ABOUT THIS TASK: Output the entries exactly. Start at the first line, finish with the line containing "[picture b6s1: schematic working.kicad_sch]", and omit the pictures.
=== Section Start ===
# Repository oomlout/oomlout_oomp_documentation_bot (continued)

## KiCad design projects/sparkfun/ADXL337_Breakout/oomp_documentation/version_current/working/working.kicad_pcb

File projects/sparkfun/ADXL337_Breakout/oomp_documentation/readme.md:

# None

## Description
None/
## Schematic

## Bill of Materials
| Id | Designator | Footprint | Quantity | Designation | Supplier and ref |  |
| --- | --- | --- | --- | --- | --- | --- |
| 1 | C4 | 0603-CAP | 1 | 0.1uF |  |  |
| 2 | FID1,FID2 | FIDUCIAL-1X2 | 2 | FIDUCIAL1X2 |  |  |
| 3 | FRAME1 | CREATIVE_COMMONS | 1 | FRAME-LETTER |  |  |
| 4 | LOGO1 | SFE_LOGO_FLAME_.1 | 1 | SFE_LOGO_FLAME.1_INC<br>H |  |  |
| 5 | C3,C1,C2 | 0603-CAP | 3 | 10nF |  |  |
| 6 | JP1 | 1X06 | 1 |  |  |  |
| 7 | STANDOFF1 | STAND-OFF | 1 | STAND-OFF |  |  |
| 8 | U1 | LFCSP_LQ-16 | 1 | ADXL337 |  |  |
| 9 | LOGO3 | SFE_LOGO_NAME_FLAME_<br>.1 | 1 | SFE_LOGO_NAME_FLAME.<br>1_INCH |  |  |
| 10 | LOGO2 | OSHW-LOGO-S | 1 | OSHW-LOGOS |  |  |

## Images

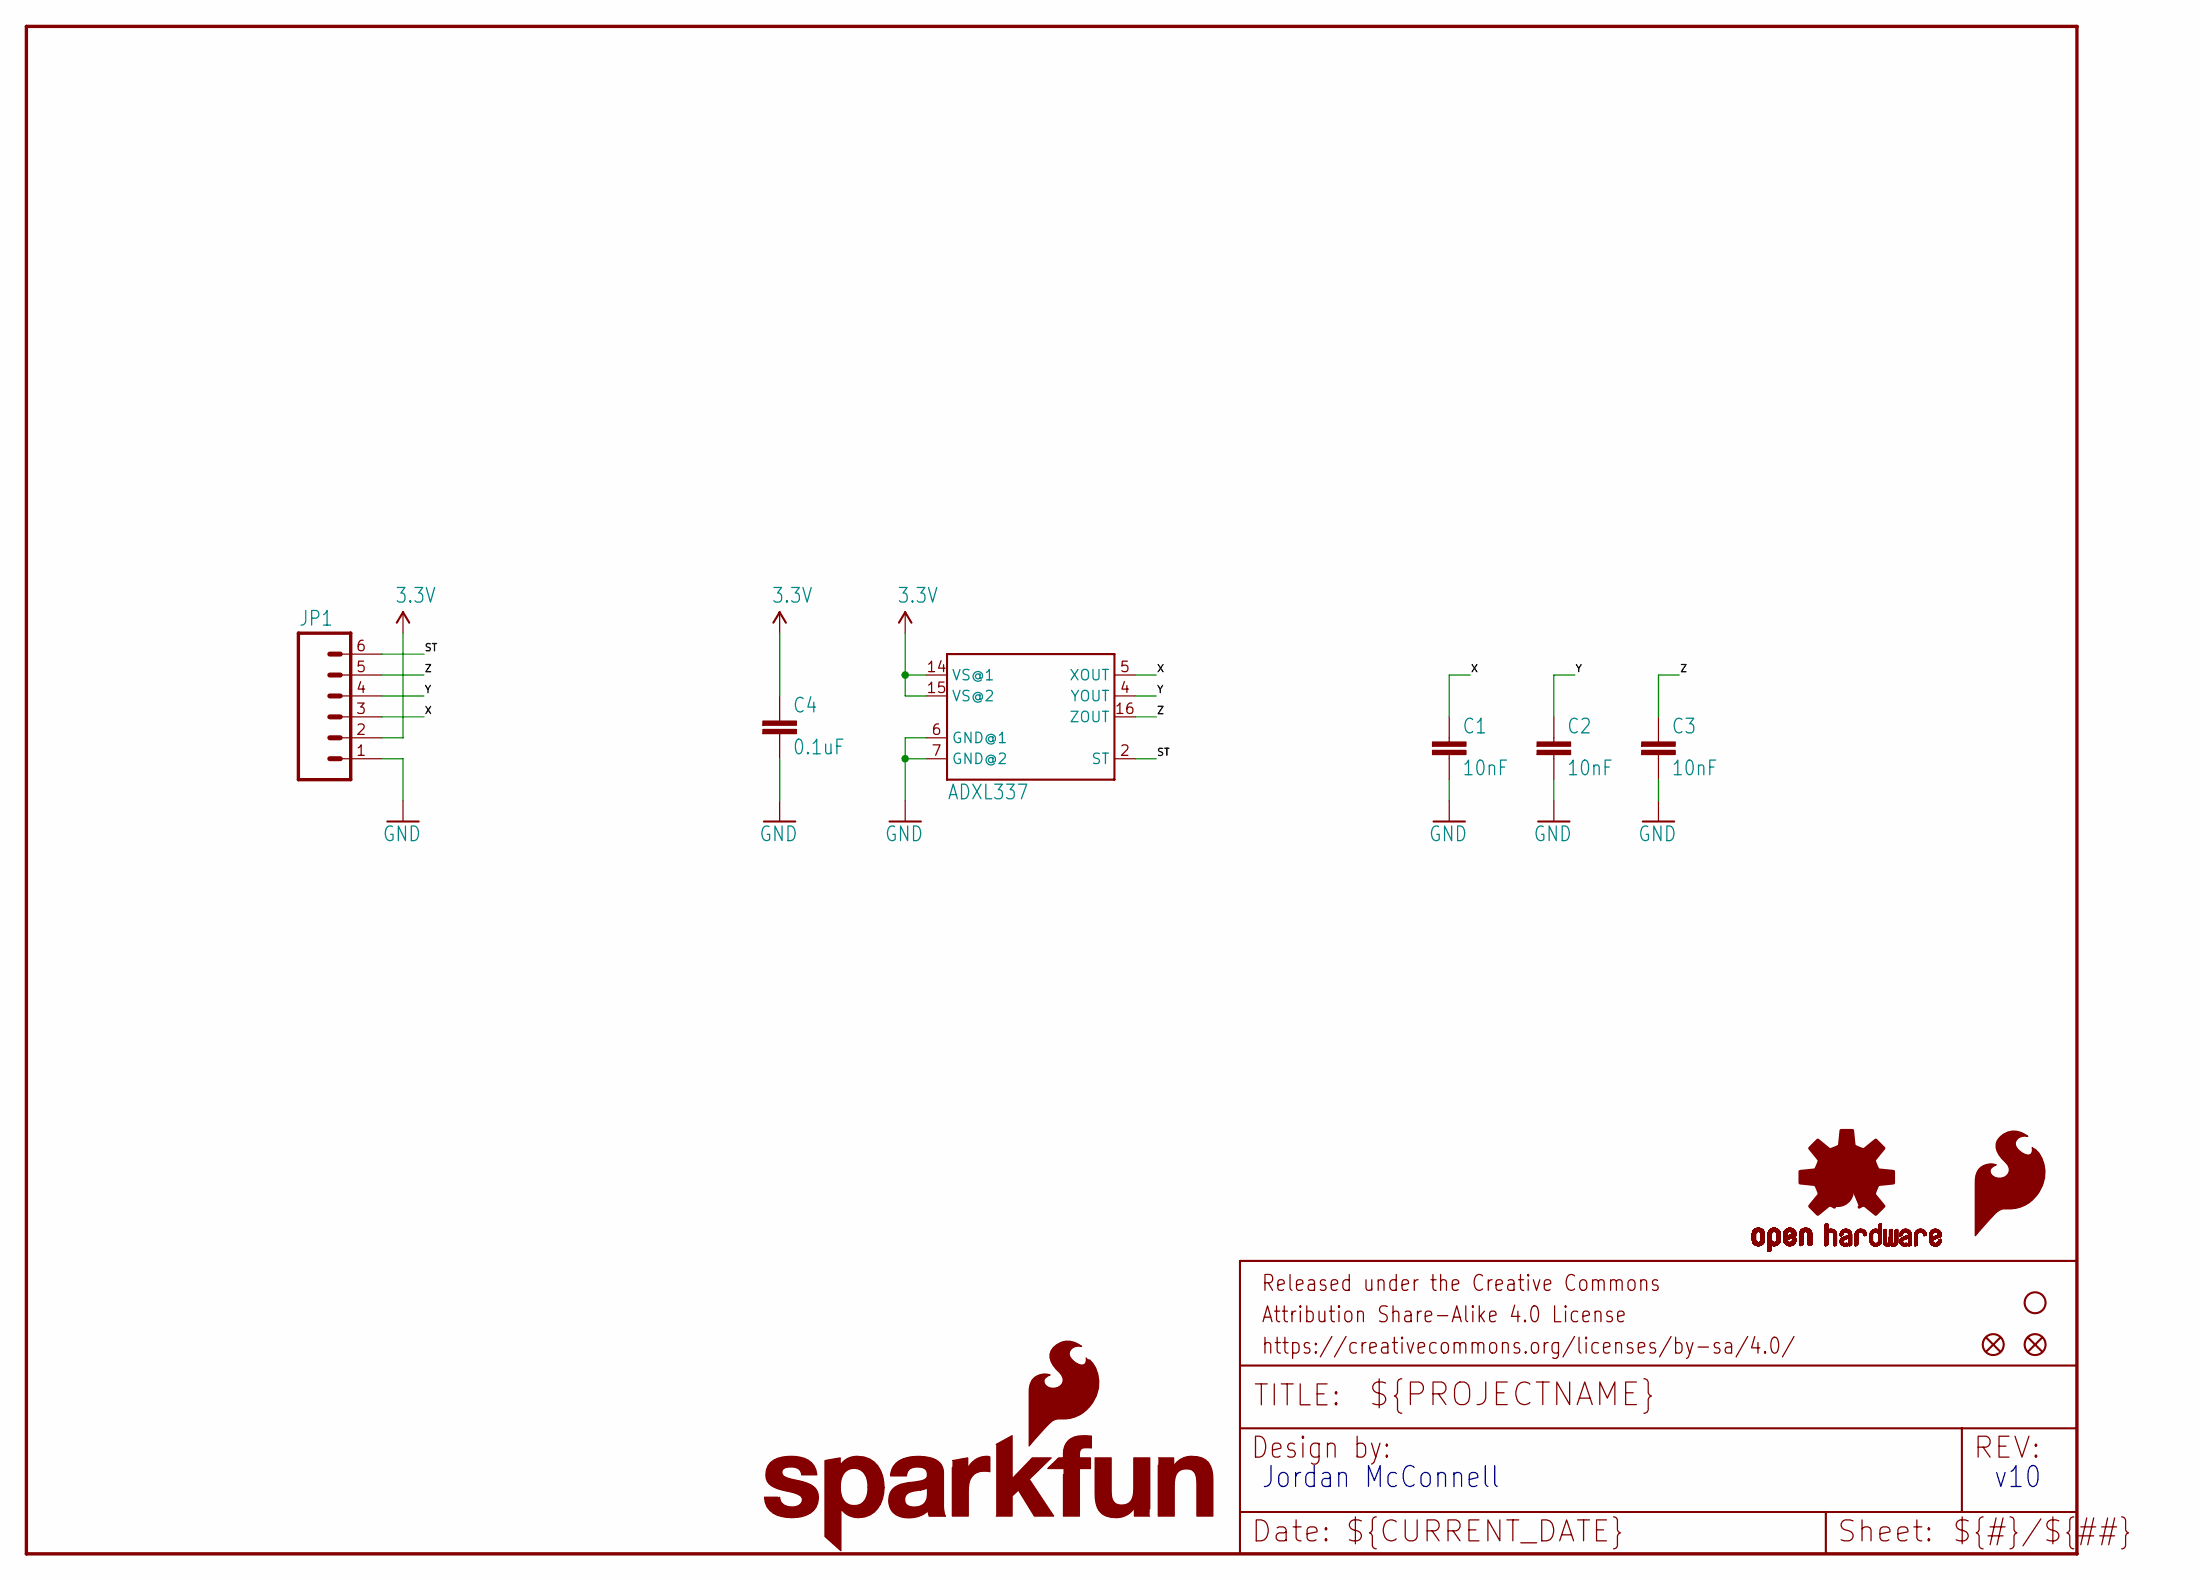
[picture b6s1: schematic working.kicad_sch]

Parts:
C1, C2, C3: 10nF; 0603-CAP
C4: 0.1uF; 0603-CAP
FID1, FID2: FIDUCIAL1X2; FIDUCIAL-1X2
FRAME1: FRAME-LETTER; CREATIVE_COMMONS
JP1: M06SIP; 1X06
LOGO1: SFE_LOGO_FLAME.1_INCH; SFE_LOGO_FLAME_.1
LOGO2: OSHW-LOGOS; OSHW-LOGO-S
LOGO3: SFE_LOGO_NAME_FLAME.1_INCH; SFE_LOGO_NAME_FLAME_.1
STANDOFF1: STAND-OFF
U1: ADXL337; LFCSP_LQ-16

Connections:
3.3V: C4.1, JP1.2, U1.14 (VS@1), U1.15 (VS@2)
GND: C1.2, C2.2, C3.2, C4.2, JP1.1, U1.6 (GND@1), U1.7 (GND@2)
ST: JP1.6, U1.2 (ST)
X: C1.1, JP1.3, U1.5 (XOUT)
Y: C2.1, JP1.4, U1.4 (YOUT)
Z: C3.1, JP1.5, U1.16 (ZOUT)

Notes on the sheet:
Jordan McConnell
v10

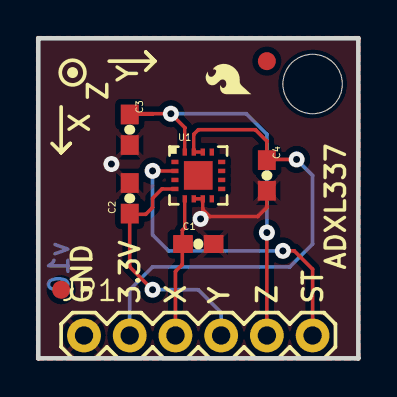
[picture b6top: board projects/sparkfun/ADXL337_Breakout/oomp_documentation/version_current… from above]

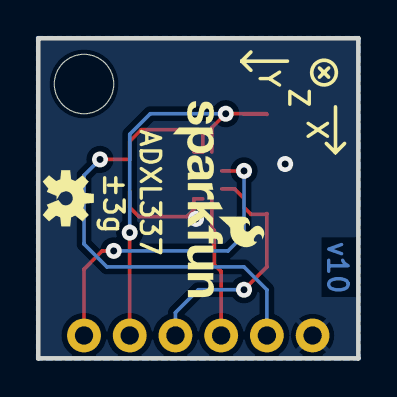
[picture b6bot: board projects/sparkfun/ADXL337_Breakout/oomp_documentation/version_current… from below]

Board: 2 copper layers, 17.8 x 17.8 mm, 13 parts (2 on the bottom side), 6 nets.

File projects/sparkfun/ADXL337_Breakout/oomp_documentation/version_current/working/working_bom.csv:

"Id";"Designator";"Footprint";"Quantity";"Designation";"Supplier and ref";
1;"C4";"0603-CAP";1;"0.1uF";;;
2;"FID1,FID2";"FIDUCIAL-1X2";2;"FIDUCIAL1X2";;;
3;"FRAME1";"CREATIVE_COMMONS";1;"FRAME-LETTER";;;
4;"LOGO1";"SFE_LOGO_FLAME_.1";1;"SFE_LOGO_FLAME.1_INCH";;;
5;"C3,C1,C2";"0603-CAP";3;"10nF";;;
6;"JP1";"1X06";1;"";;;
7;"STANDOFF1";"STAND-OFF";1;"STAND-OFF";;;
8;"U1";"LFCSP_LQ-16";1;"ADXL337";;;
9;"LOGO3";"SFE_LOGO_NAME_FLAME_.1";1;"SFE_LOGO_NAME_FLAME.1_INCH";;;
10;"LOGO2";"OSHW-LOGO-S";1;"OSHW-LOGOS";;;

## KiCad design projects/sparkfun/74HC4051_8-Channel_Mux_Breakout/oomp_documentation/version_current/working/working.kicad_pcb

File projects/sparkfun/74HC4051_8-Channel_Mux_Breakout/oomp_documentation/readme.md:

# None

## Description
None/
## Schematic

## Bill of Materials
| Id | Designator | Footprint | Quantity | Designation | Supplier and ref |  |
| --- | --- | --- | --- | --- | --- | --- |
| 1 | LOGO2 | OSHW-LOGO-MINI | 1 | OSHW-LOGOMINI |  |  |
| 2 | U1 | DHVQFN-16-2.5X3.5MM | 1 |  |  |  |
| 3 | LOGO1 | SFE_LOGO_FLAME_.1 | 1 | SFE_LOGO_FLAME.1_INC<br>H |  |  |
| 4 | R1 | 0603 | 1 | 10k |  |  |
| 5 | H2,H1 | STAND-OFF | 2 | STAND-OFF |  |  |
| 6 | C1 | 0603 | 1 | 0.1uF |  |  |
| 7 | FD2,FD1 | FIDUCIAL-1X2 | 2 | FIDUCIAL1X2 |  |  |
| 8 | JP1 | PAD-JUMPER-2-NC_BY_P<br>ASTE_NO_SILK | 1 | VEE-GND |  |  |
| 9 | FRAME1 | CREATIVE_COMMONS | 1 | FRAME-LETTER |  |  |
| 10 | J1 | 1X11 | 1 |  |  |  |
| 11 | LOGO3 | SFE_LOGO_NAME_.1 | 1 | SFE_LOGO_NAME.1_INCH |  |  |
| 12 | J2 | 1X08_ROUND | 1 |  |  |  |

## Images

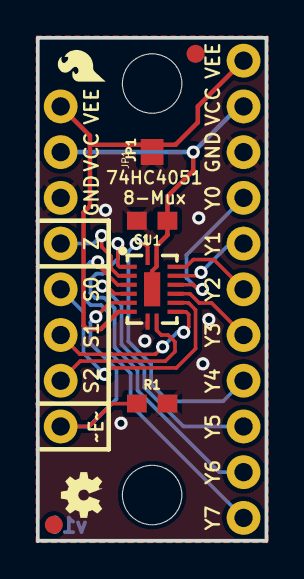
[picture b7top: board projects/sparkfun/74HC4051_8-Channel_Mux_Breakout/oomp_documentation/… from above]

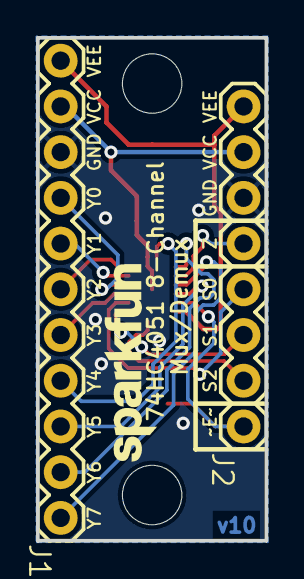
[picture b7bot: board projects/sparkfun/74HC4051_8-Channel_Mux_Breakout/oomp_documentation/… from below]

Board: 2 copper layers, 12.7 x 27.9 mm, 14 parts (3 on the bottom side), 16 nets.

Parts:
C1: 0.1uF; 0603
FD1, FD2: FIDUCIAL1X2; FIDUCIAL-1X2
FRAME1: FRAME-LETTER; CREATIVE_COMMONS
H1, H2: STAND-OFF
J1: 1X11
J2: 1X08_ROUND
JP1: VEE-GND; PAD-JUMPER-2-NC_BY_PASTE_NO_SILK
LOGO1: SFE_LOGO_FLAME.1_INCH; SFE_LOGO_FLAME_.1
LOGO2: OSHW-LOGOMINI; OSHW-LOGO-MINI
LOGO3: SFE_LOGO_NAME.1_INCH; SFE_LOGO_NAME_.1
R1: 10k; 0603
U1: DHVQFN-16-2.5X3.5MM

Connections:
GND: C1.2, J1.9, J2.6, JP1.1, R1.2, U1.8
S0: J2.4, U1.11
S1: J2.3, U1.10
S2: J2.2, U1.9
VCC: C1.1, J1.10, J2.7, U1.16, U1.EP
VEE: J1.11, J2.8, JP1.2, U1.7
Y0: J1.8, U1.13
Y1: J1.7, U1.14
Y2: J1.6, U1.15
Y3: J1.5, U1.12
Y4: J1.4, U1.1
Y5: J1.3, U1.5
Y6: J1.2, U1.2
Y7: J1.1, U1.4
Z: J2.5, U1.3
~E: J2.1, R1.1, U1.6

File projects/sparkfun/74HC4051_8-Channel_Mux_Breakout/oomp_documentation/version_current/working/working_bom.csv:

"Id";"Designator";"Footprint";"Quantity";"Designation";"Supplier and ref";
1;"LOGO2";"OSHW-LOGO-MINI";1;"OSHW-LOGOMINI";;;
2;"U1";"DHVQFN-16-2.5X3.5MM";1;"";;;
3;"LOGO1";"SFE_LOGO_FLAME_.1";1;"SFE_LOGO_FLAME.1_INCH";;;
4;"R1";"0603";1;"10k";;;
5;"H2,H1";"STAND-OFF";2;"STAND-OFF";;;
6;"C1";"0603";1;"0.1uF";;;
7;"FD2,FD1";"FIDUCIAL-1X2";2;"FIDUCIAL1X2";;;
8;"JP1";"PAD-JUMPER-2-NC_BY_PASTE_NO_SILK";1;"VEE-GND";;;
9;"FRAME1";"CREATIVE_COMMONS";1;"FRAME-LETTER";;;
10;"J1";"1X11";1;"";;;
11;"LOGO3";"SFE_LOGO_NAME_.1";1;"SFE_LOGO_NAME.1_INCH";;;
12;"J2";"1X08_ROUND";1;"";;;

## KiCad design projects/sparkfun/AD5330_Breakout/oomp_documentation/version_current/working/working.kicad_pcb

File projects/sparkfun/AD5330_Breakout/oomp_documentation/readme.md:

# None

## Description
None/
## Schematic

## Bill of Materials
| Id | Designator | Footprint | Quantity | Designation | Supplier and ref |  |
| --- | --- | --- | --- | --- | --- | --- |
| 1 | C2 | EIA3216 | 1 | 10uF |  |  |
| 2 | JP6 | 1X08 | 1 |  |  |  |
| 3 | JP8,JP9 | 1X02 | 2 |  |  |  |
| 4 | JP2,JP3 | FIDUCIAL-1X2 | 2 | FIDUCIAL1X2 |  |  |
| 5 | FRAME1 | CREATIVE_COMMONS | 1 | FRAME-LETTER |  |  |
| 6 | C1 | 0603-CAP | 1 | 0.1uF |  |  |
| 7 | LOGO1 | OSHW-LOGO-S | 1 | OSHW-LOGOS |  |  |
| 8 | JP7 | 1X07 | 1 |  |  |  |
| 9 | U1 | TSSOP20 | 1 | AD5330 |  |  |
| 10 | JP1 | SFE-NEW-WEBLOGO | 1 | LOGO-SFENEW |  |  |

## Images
=== Section End ===
EXPECTED ANSWER:
# Repository oomlout/oomlout_oomp_documentation_bot (continued)

## KiCad design projects/sparkfun/ADXL337_Breakout/oomp_documentation/version_current/working/working.kicad_pcb

File projects/sparkfun/ADXL337_Breakout/oomp_documentation/readme.md:

# None

## Description
None/
## Schematic

## Bill of Materials
| Id | Designator | Footprint | Quantity | Designation | Supplier and ref |  |
| --- | --- | --- | --- | --- | --- | --- |
| 1 | C4 | 0603-CAP | 1 | 0.1uF |  |  |
| 2 | FID1,FID2 | FIDUCIAL-1X2 | 2 | FIDUCIAL1X2 |  |  |
| 3 | FRAME1 | CREATIVE_COMMONS | 1 | FRAME-LETTER |  |  |
| 4 | LOGO1 | SFE_LOGO_FLAME_.1 | 1 | SFE_LOGO_FLAME.1_INC<br>H |  |  |
| 5 | C3,C1,C2 | 0603-CAP | 3 | 10nF |  |  |
| 6 | JP1 | 1X06 | 1 |  |  |  |
| 7 | STANDOFF1 | STAND-OFF | 1 | STAND-OFF |  |  |
| 8 | U1 | LFCSP_LQ-16 | 1 | ADXL337 |  |  |
| 9 | LOGO3 | SFE_LOGO_NAME_FLAME_<br>.1 | 1 | SFE_LOGO_NAME_FLAME.<br>1_INCH |  |  |
| 10 | LOGO2 | OSHW-LOGO-S | 1 | OSHW-LOGOS |  |  |

## Images

[picture b6s1: schematic working.kicad_sch]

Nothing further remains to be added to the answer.